若い男性と、こちらも若いケンタウルスの女性だ。
ケンタウルスの女性の方は、青い顔をしていて体調が良くないように見える。
二人はエマちゃんを見つけるととこちらに走り出した。
「エマ! *******!」
二人に気づいたエマちゃんも僕から手を離し、二人に駆け寄った。
三人はお互いにがっしりと抱き合うと、声をあげて泣き始めた。
よかった…… なんだかこうゆう場面て無性に嬉しいよね。
体の奥からじんわりとした喜びが込み上げてくる。
長い抱擁の後、お説教タイムが始まった。
ケンタウルスの女性がエマちゃんの肩を握り、涙ながらに声を荒げる。
エマちゃんは可哀想なくらい号泣してる。
男性の方は…… 女性を宥めているみたいだけど効果が全くない。
しばらくすると、見かねた女騎士さんが止めに入りその場は治った。
エマちゃんのご両親(多分)は、女騎士さんにペコペコ頭を下げた後、僕の方に向き直った。
「*****、エマ*****」
二人は僕に近づくと、僕の手をとって涙ながらに語りかけてくれた。
多分お礼を言ってくれているんだろうけど、言葉がわからないのがとてももどかしい。
笑顔で何度も頷いてみたら、どうやら気持ちは伝わったらしい。
エマちゃんたちとは一旦そこで別れて、僕は女騎士さんとそのまま村の奥の広場の方に進んだ。

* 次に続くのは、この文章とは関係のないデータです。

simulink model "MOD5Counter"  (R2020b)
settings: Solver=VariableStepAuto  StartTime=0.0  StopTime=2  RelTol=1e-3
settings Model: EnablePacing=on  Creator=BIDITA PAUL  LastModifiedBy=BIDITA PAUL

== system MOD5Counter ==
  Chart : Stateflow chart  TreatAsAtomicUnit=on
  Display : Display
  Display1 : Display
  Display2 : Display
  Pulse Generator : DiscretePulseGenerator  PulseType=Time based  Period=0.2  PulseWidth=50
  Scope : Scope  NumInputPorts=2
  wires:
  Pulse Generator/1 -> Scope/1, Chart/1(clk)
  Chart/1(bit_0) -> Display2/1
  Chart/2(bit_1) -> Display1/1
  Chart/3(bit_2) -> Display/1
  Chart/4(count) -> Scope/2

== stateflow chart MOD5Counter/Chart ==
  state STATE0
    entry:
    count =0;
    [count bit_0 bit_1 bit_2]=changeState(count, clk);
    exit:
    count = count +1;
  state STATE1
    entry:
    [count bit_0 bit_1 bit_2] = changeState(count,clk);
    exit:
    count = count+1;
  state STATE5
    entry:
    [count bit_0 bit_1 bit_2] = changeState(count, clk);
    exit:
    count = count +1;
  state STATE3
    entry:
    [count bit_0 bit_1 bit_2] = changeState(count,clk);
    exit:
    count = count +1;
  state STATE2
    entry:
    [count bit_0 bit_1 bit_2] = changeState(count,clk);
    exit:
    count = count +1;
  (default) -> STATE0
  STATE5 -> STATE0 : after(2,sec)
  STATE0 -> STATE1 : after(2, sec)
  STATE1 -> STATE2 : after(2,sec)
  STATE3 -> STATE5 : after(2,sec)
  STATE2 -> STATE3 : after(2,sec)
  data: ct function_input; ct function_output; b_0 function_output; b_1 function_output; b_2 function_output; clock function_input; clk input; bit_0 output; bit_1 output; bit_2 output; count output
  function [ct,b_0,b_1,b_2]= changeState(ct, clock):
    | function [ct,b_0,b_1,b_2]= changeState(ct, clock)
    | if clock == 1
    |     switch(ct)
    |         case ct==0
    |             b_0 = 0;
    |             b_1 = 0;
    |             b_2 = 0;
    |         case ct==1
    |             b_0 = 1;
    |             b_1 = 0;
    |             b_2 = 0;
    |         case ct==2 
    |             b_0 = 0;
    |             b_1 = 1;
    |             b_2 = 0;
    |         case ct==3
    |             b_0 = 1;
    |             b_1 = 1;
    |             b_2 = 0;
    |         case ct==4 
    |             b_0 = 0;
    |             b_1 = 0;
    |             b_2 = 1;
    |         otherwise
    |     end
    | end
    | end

広場にはいくつか大きな建物が面していて、女騎士さんがそのうちの一つのドアを叩いた。
すると、中から眼鏡を掛けた品の良いおねいさまが出ててきた。
おねいさまは僕らを見て少し驚いた後、家の中に招き入れてくれた。
入ってすぐの部屋はダイニングのような作りになっていて、テーブルには強面で屈強なおじさま座っていた。
山賊の親分みたいな見た目だけど、この品の良いおねいさまの旦那さんなんだろうな。
おじさまは女騎士さんを見てすぐに立ち上がり、こちらに駆け寄ってきた。
「*****、*****……」「*****、**……」
女騎士さんと夫妻が僕の方をチラチラ見ながら話を始めたけど、言葉が分からないのしんどいなぁ……
住人の皆さんは概ね友好的だったので悪いことにはならないと思うけど、どうしてもネガティブなことを考えてしまう。
『あやつはイキがいいから絶対に美味いぞ。じっくり煮込んで美味いシチューにしてくれ』
『まぁ騎士様、それはいい考えですわ。ちょうどいい香草が入りましたの』
『あっしはには軟骨を恵んでくだせぇ。酒によく合うんでさぁ』
とか……
嫌な想像にぶるりと身が震えたところで、話し合いが終わったみたいだ。
促されてテーブルに座ったところで、おねいさまがお茶っぽい何かを出してくれた。
「ありがとうございます」
頭を下げながらお礼を言うと、おねいさまは少し驚いてから笑顔で頷いてくれた。
僕の正面に女騎士さん、右手におじさま、そして左手におねいさまが座り、四人でテーブル囲んだ形だ。
女騎士さんは、椅子というよりベンチみたいなものに四本の足を折りたたんで座っている。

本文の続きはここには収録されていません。